# mangiare la foglia



## krolaina

Ciao!

Estaba leyendo un hilo en el italiano-inglés y he visto estos tres sinónimos:

"*Ho mangiato la foglia*", "*non ci casco*", "*non abbocco*". 

En español diríamos "*pillarlas al vuelo*" (si he conseguido entenderlo bien). Mi pregunta es la siguiente: "*capire al volo*" sería otro significado? Porque yo usaba esto y ¡ahora no estoy segura de si lo empleaba bien!

¿Algún otro sinónimo?

Mil gracias


----------



## Conchita57

"Capire al volo" está bien usado en el sentido de "pillarlas al vuelo".


----------



## Neuromante

_Ho mangiato la foglia_ sería _No pico (Non abbocco)_ Si quieres conservar la frase en negativo.


----------



## krolaina

Neuromante said:


> _Ho mangiato la foglia_ sería _No pico (Non abbocco)_ Si quieres conservar la frase en negativo.


 
Hola Neuro, perdona...¿no pico? ¿en el sentido de "no me lo trago"? 

Ay, creo que entonces no encuentro similitud entre los sinónimos... sería diferente "no pico" y "lo pillo al vuelo", no?

Edit.

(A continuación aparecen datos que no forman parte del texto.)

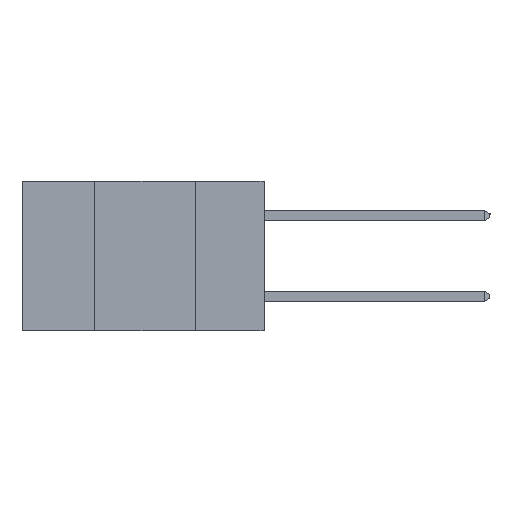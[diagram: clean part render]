
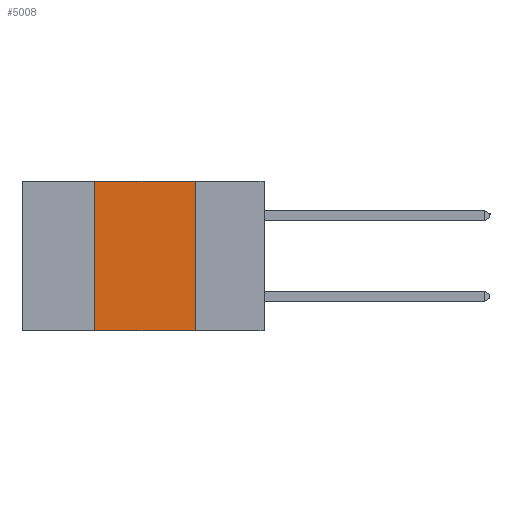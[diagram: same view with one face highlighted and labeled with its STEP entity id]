
A CAD part, left-side view. The second image highlights one B-rep face of the part: STEP entity #5008.
In plain terms, the highlighted planar face has unit normal (-1, 0, 0).
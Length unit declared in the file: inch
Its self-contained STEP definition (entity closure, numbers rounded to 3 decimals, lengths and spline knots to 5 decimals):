
#329 = VECTOR ( 'NONE', #10978, 39.37008 ) ;
#506 = EDGE_CURVE ( 'NONE', #15541, #9434, #615, .T. ) ;
#615 = LINE ( 'NONE', #15431, #13655 ) ;
#997 = VECTOR ( 'NONE', #14862, 39.37008 ) ;
#1165 = DIRECTION ( 'NONE',  ( 0., 0., -1. ) ) ;
#1167 = CARTESIAN_POINT ( 'NONE',  ( 0., 0.6, -0.37 ) ) ;
#1348 = EDGE_LOOP ( 'NONE', ( #11218, #8153, #5659, #3400 ) ) ;
#2341 = VERTEX_POINT ( 'NONE', #11766 ) ;
#3400 = ORIENTED_EDGE ( 'NONE', *, *, #11719, .T. ) ;
#4325 = AXIS2_PLACEMENT_3D ( 'NONE', #7421, #12270, #1165 ) ;
#4759 = DIRECTION ( 'NONE',  ( 0., -1., 0. ) ) ;
#5008 = ADVANCED_FACE ( 'NONE', ( #12435 ), #7496, .F. ) ;
#5019 = CARTESIAN_POINT ( 'NONE',  ( 0., 0.17, -0.37 ) ) ;
#5286 = EDGE_CURVE ( 'NONE', #2341, #11949, #7745, .T. ) ;
#5659 = ORIENTED_EDGE ( 'NONE', *, *, #506, .F. ) ;
#6543 = CARTESIAN_POINT ( 'NONE',  ( 0., 0.17, -0.37 ) ) ;
#7095 = LINE ( 'NONE', #12026, #11822 ) ;
#7421 = CARTESIAN_POINT ( 'NONE',  ( 0., 0.6, 0. ) ) ;
#7496 = PLANE ( 'NONE',  #4325 ) ;
#7745 = LINE ( 'NONE', #5019, #997 ) ;
#7804 = EDGE_CURVE ( 'NONE', #9434, #2341, #7095, .T. ) ;
#8153 = ORIENTED_EDGE ( 'NONE', *, *, #7804, .F. ) ;
#8631 = LINE ( 'NONE', #1167, #329 ) ;
#9434 = VERTEX_POINT ( 'NONE', #14642 ) ;
#10978 = DIRECTION ( 'NONE',  ( 0., -1., 0. ) ) ;
#11218 = ORIENTED_EDGE ( 'NONE', *, *, #5286, .F. ) ;
#11719 = EDGE_CURVE ( 'NONE', #15541, #11949, #8631, .T. ) ;
#11766 = CARTESIAN_POINT ( 'NONE',  ( 0., 0.17, 0. ) ) ;
#11822 = VECTOR ( 'NONE', #4759, 39.37008 ) ;
#11949 = VERTEX_POINT ( 'NONE', #6543 ) ;
#12026 = CARTESIAN_POINT ( 'NONE',  ( 0., 0.6, 0. ) ) ;
#12270 = DIRECTION ( 'NONE',  ( 1., 0., 0. ) ) ;
#12435 = FACE_OUTER_BOUND ( 'NONE', #1348, .T. ) ;
#13655 = VECTOR ( 'NONE', #15270, 39.37008 ) ;
#14476 = CARTESIAN_POINT ( 'NONE',  ( 0., 0.42, -0.37 ) ) ;
#14642 = CARTESIAN_POINT ( 'NONE',  ( 0., 0.42, 0. ) ) ;
#14862 = DIRECTION ( 'NONE',  ( 0., 0., -1. ) ) ;
#15270 = DIRECTION ( 'NONE',  ( 0., 0., 1. ) ) ;
#15431 = CARTESIAN_POINT ( 'NONE',  ( 0., 0.42, -0.37 ) ) ;
#15541 = VERTEX_POINT ( 'NONE', #14476 ) ;

Conchita, gracias!


----------



## gatogab

krolaina said:


> Ciao!
> 
> Estaba leyendo un hilo en el italiano-inglés y he visto estos tres sinónimos:
> 
> "*Ho mangiato la foglia*", "*non ci casco*", "*non abbocco*".
> 
> En español diríamos "*pillarlas al vuelo*" (si he conseguido entenderlo bien). Mi pregunta es la siguiente: "*capire al volo*" sería otro significado? Porque yo usaba esto y ¡ahora no estoy segura de si lo empleaba bien!
> 
> ¿Algún otro sinónimo?
> 
> Mil gracias


"*capire al volo*"
Agarrar al vuelo. Comprender algo sin tanta explicación.
"*Non mangio la foglia*", "*non ci casco*", "*non abbocco*". 
No caigo (en la trampa, en el engaño)
No se si sirva.
gatogab


----------



## Neuromante

Picar tiene también el sentido de abboccare. Así qué...

Por otra parter sería: No me lo trago Con cuidado que puede confundirse con "No lo soporto"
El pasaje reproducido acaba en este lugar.